Again, we use a BERTLARGE architecture pre-trained on a general-domain corpus, fine-tuned on the Stanford Question Answering Dataset (SQuAD) 1.1 dataset, that reaches the state-of-the-art for this NLP task.
For a given paper, RECORD processes all the chunks and for each of them provides an answer to the query, together with a score. These scores are used to select the best chunk according to the highest one, highlighting the answer.
Moreover, RECORD provides for each answer several additional information like authors and paper reputation, so that the user can assess the reliability.
How does RECORD perform?
To evaluate RECORD’s performance, we created a testset of specific questions, together with specialists of the health facility Centro Medico Sant’Agostino. The testset is composed of 112 questions, divided in 11 different tasks. Tasks can be specifically medical like “potential COVID-19 risk factors” or “virus origin and evolution”, but they also involve the social and economic impact that coronavirus can have.
We defined a scoring mechanism to evaluate the provided answers. An answer can receive one (and only one) of these scores (they are not the same scores of the QA step!):
- Score 0: the answer topic is different from the question topic.
- Score 1: the topic of the answer is correct, but the text does not answer the question.
- Score 2: the topic is correct, but the answer is generic and not precise.
- Score 3: the answer is consistent and precise.
Since RECORD’s goal is to correctly answer to a given question, we want to evaluate his performances in providing at least one good answer.
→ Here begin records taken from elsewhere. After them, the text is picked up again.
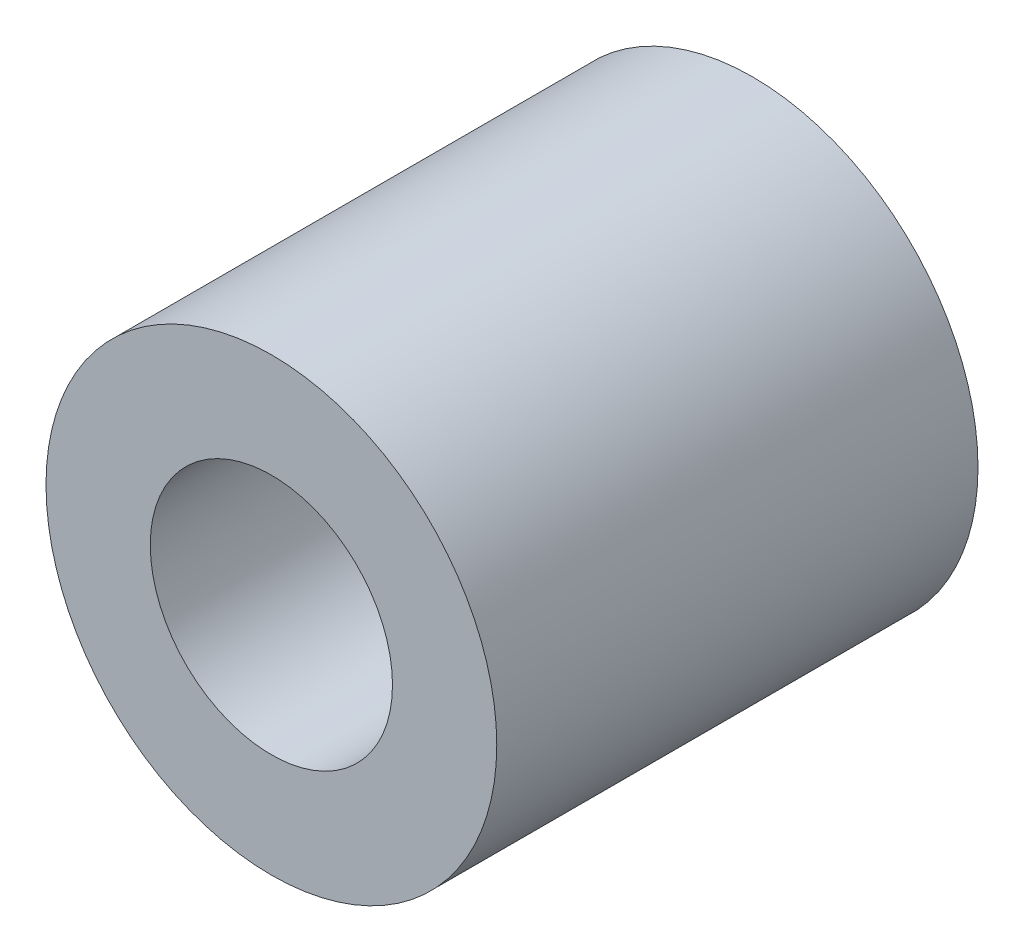
SolidWorks part; units mm, degrees
ref_plane "Front Plane" through (0, 0, 0) normal (0, 0, 1) x (1, 0, 0)
ref_plane "Top Plane" through (0, 0, 0) normal (0, 1, 0) x (1, 0, 0)
ref_plane "Right Plane" through (0, 0, 0) normal (1, 0, 0) x (0, 0, -1)
sketch "Sketch1" plane through (0, 0, 0) normal (0, 0, 1) x (1, 0, 0)
  circle A0 centre (0, 0) radius 0.755 construction
  circle A1 centre (0, 0) radius 1.405
  dimension "D1" = 1.51
  dimension "D2" = 0.65
extrude "Boss-Extrude1" add sketch "Sketch1" along normal blind 3
sketch "Sketch2" plane through (0, 0, 3) normal (0, 0, 1) x (1, 0, 0)
  circle A0 centre (0, 0) radius 0.755
  circle A1 centre (0, 0) radius 1.405
  circle A2 centre (0, 0) radius 1.405 construction
  dimension "D2" = 1.51
  dimension "D1" = 0
extrude "Cut-Extrude1" cut sketch "Sketch2" against normal blind 2.8
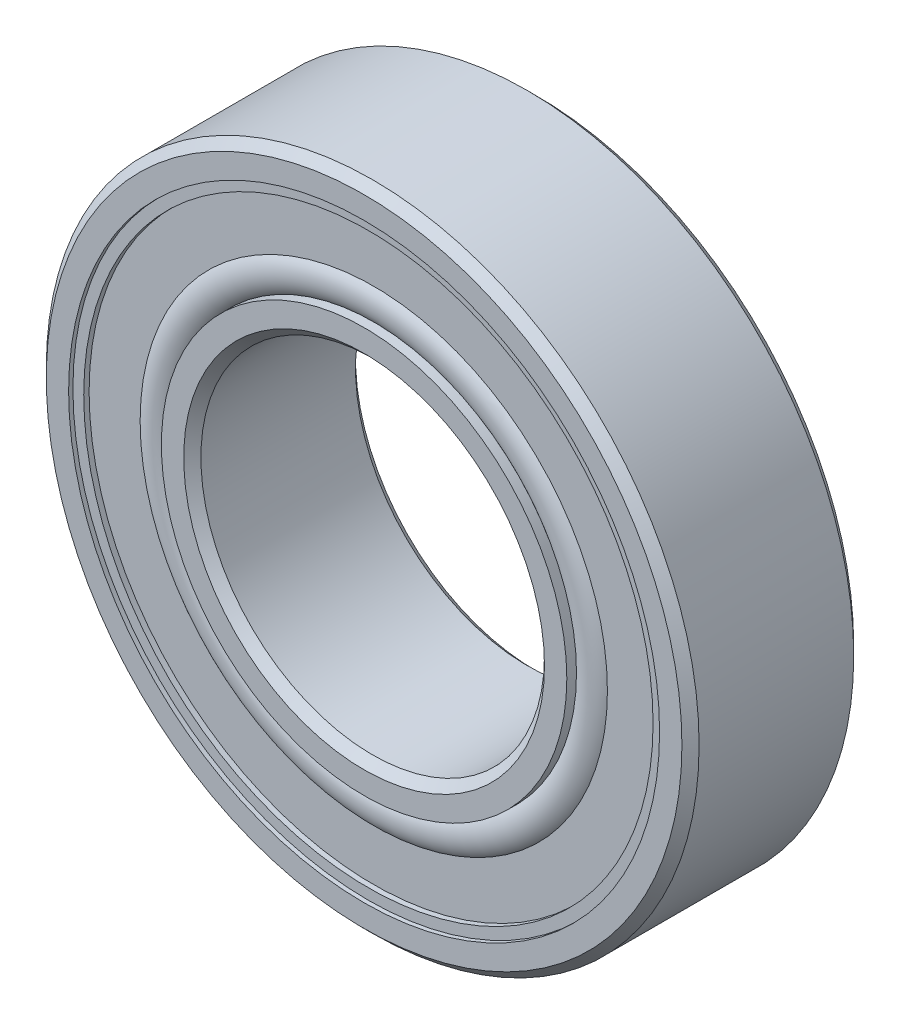
SolidWorks part; units mm, degrees
ref_plane "Front Plane" through (0, 0, 0) normal (0, 0, 1) x (1, 0, 0)
ref_plane "Top Plane" through (0, 0, 0) normal (0, 1, 0) x (1, 0, 0)
ref_plane "Right Plane" through (0, 0, 0) normal (1, 0, 0) x (0, 0, -1)
sketch "Sketch1" plane through (0, 0, 0) normal (0, 0, 1) x (1, 0, 0)
  circle A0 centre (0, 0) radius 9.5 construction
  circle A1 centre (0, 0) radius 5 construction
  dimension "OD" = 19
  dimension "ID" = 10
sketch "Sketch2" plane through (0, 0, 0) normal (1, 0, 0) x (0, 0, -1)
  line L0 (-2.5, 0) -> (2.5, 0) construction
  line L1 (0, 9.5) -> (0, -9.5) construction
  line L2 (2.25, 9.5) -> (-2.25, 9.5) construction
  line L3 (-2.25, 9.5) -> (-2.5, 9.25) construction
  line L4 (-2.5, 9.25) -> (-2.5, 8.6) construction
  line L5 (-2.5, 8.6) -> (-1.1111, 8.6) construction
  line L6 (2.5, 8.6) -> (1.1111, 8.6) construction
  line L7 (2.5, 9.25) -> (2.5, 8.6) construction
  line L8 (2.25, 9.5) -> (2.5, 9.25) construction
  line L9 (0, 9.5) -> (0, 7.25) construction
  line L10 (0, 7.25) -> (0, 5) construction
  line L11 (2.5, 7.25) -> (-2.5, 7.25) construction
  line L12 (-2.5, 5.25) -> (-2.5, 5.9) construction
  line L13 (-2.25, 5) -> (-2.5, 5.25) construction
  line L14 (2.25, 5) -> (-2.25, 5) construction
  line L15 (2.25, 5) -> (2.5, 5.25) construction
  line L16 (2.5, 5.25) -> (2.5, 5.9) construction
  line L17 (2.5, 5.9) -> (1.1111, 5.9) construction
  line L18 (-2.5, 5.9) -> (-1.1111, 5.9) construction
  line L19 (-2.5, 5) -> (-2.5, -5) construction
  line L20 (2.5, 9.5) -> (2.5, -9.5) construction
  arc A0 (-1.1111, 8.6) -> (1.1111, 8.6) centre (0, 7.25) cw construction
  arc A1 (-1.1111, 5.9) -> (1.1111, 5.9) centre (0, 7.25) ccw construction
  point P14 (0, 5)
  point P18 (0, 7.25)
  dimension "Approx. Ball Dia." = 3.4969
  dimension "D1" = 45
  dimension "D2" = 0.25
  dimension "D3" = 2.2222
  dimension "D4" = 1.35
  dimension "Width" = 5
  dimension "For Shaft Diameter" = 10
  dimension "For Housing ID" = 19
sketch "Sketch3" plane through (0, 0, 0) normal (1, 0, 0) x (0, 0, -1)
  line L0 (-2.5, 9.25) -> (-2.5, 8.6) construction
  line L1 (-2.25, 9.5) -> (-2.5, 9.25) construction
  line L2 (2.25, 9.5) -> (-2.25, 9.5) construction
  line L3 (2.25, 9.5) -> (2.5, 9.25) construction
  line L4 (2.5, 9.25) -> (2.5, 8.6) construction
  line L5 (2.5, 8.6) -> (1.1111, 8.6) construction
  line L6 (-2.5, 8.6) -> (-1.1111, 8.6) construction
  line L7 (-2.5, 9.25) -> (-2.5, 8.6)
  line L8 (-2.25, 9.5) -> (-2.5, 9.25)
  line L9 (2.25, 9.5) -> (-2.25, 9.5)
  line L10 (2.25, 9.5) -> (2.5, 9.25)
  line L11 (2.5, 9.25) -> (2.5, 8.6)
  line L12 (2.5, 8.6) -> (1.1111, 8.6)
  line L13 (-2.5, 8.6) -> (-1.1111, 8.6)
  line L14 (-2.5, 5.25) -> (-2.5, 5.9) construction
  line L15 (-2.25, 5) -> (-2.5, 5.25) construction
  line L16 (2.25, 5) -> (-2.25, 5) construction
  line L17 (2.25, 5) -> (2.5, 5.25) construction
  line L18 (2.5, 5.25) -> (2.5, 5.9) construction
  line L19 (2.5, 5.9) -> (1.1111, 5.9) construction
  line L20 (-2.5, 5.9) -> (-1.1111, 5.9) construction
  line L21 (-2.5, 5.25) -> (-2.5, 5.9)
  line L22 (-2.25, 5) -> (-2.5, 5.25)
  line L23 (2.25, 5) -> (-2.25, 5)
  line L24 (2.25, 5) -> (2.5, 5.25)
  line L25 (2.5, 5.25) -> (2.5, 5.9)
  line L26 (2.5, 5.9) -> (1.1111, 5.9)
  line L27 (-2.5, 5.9) -> (-1.1111, 5.9)
  arc A0 (1.1111, 8.6) -> (-1.1111, 8.6) centre (0, 7.25) ccw construction
  arc A1 (1.1111, 8.6) -> (-1.1111, 8.6) centre (0, 7.25) ccw
  arc A2 (-1.1111, 5.9) -> (1.1111, 5.9) centre (0, 7.25) ccw construction
  arc A3 (-1.1111, 5.9) -> (1.1111, 5.9) centre (0, 7.25) ccw
revolve "Revolve1" add sketch "Sketch3" angle 360 about L0
sketch "Sketch4" plane through (0, 0, 0) normal (1, 0, 0) x (0, 0, -1)
  line L0 (-1.7484, 7.25) -> (1.7484, 7.25)
  arc A2 (-1.7484, 7.25) -> (1.7484, 7.25) centre (0, 7.25) cw
  arc A3 (1.1111, 8.6) -> (-1.1111, 8.6) centre (0, 7.25) ccw construction
revolve "Revolve2" add sketch "Sketch4" angle 360 about L0
pattern_circular "CirPattern1" count 9 over 360 about axis through (0, 0, 0) along (0, 0, 1) of bodies 104
sketch "Sketch5" plane through (0, 0, 0) normal (1, 0, 0) x (0, 0, -1)
  line L0 (-2.5, 8.6) -> (-1.1111, 8.6) construction
  line L1 (-2.375, 8.6) -> (-1.7484, 8.6)
  line L2 (-2.375, 8.6) -> (-2.375, 8.285)
  line L3 (-2.375, 5.9) -> (-1.7484, 5.9) construction
  line L4 (-1.7484, 8.6) -> (-1.7484, 5.9)
  line L5 (0, 9.5) -> (0, 0) construction
  line L7 (-2.375, 8.285) -> (-2.2184, 8.285)
  line L8 (-2.2184, 8.285) -> (-2.2184, 6.8)
  line L9 (-2.2184, 6.8) -> (-2.375, 6.8) construction
  line L10 (-2.375, 6.8) -> (-2.375, 5.9) construction
  line L11 (2.25, 9.5) -> (-2.25, 9.5) construction
  line L12 (-2.25, 9.5) -> (-2.5, 9.25) construction
  line L13 (-2.5, 5.9) -> (-1.1111, 5.9) construction
  line L15 (-2.2184, 5.9) -> (-1.7484, 5.9)
  line L16 (2.375, 6.8) -> (2.375, 5.9) construction
  line L17 (2.2184, 6.8) -> (2.375, 6.8) construction
  line L18 (2.375, 5.9) -> (1.7484, 5.9) construction
  line L19 (2.2184, 5.9) -> (1.7484, 5.9)
  line L20 (2.2184, 8.285) -> (2.2184, 6.8)
  line L21 (2.375, 8.285) -> (2.2184, 8.285)
  line L22 (1.7484, 8.6) -> (1.7484, 5.9)
  line L23 (2.375, 8.6) -> (2.375, 8.285)
  line L24 (2.375, 8.6) -> (1.7484, 8.6)
  arc A0 (-2.2184, 5.9) -> (-2.2184, 6.8) centre (-1.6503, 6.35) cw
  arc A1 (2.2184, 5.9) -> (2.2184, 6.8) centre (1.6503, 6.35) ccw
  point P10 (-2.2184, 5.9)
  point P18 (-2.375, 9.375)
  dimension "D1" = 0.315
  dimension "D2" = 0.9
  dimension "D3" = 0.6266
  dimension "D4" = 0.1566
revolve "Revolve3" add sketch "Sketch5" angle 360 about L0
equation "\"D2@Sketch2\"= \"Width@Sketch2\" * .05"
equation "\"D3@Sketch2\"=\"Width@Sketch2\" / 2.25"
equation "\"D4@Sketch2\"=( \"OD@Sketch1\" - \"For Shaft Diameter@Sketch2\" ) *0.15"
equation "\"Approx. No. of Balls\"= ( pi * \"OD@Sketch1\" ) * .5 / \"Approx. Ball Dia.@Sketch2\""
equation "\"Balls@CirPattern1\"=\"Approx. No. of Balls\""
equation "\"D1@Sketch5\"=( \"OD@Sketch1\" - \"For Shaft Diameter@Sketch2\" ) *0.035"
equation "\"D2@Sketch5\"=( \"OD@Sketch1\" - \"For Shaft Diameter@Sketch2\" ) *0.1"
equation "\"D4@Sketch5\"=\"D3@Sketch5\"*.25"

Hence, we chose for an input query the best 5 papers in IR step, and then we look at the maximum score among the generated 5 answers.
The barplot here reported aggregates the maximum scores obtained by answers relative to all the questions in the testset. Here we notice that 78% of the maximums achieve a positive score of 2 or 3.
Conclusion
We created RECORD as a valid tool that can help research in the struggle against COVID-19.
Its main advantage is that we are able to filter only the papers correlated to the request in which we can directly access the specific paragraph containing the answer, saving a lot of time. It is a non trivial task, considering the complexity of the topic and the continuous growth of published papers.
The analysis conducted along with the Centro Medico Sant’Agostino shows that RECORD provides remarkable results in terms of consistency and precision of the extracted answers, except when the information is not contained in the dataset (solvable with an alert for the user when the question has no answer in the data).
The great potential is that this approach is completely unsupervised, which allows us to apply the engine to any application in different industries and any set of documents!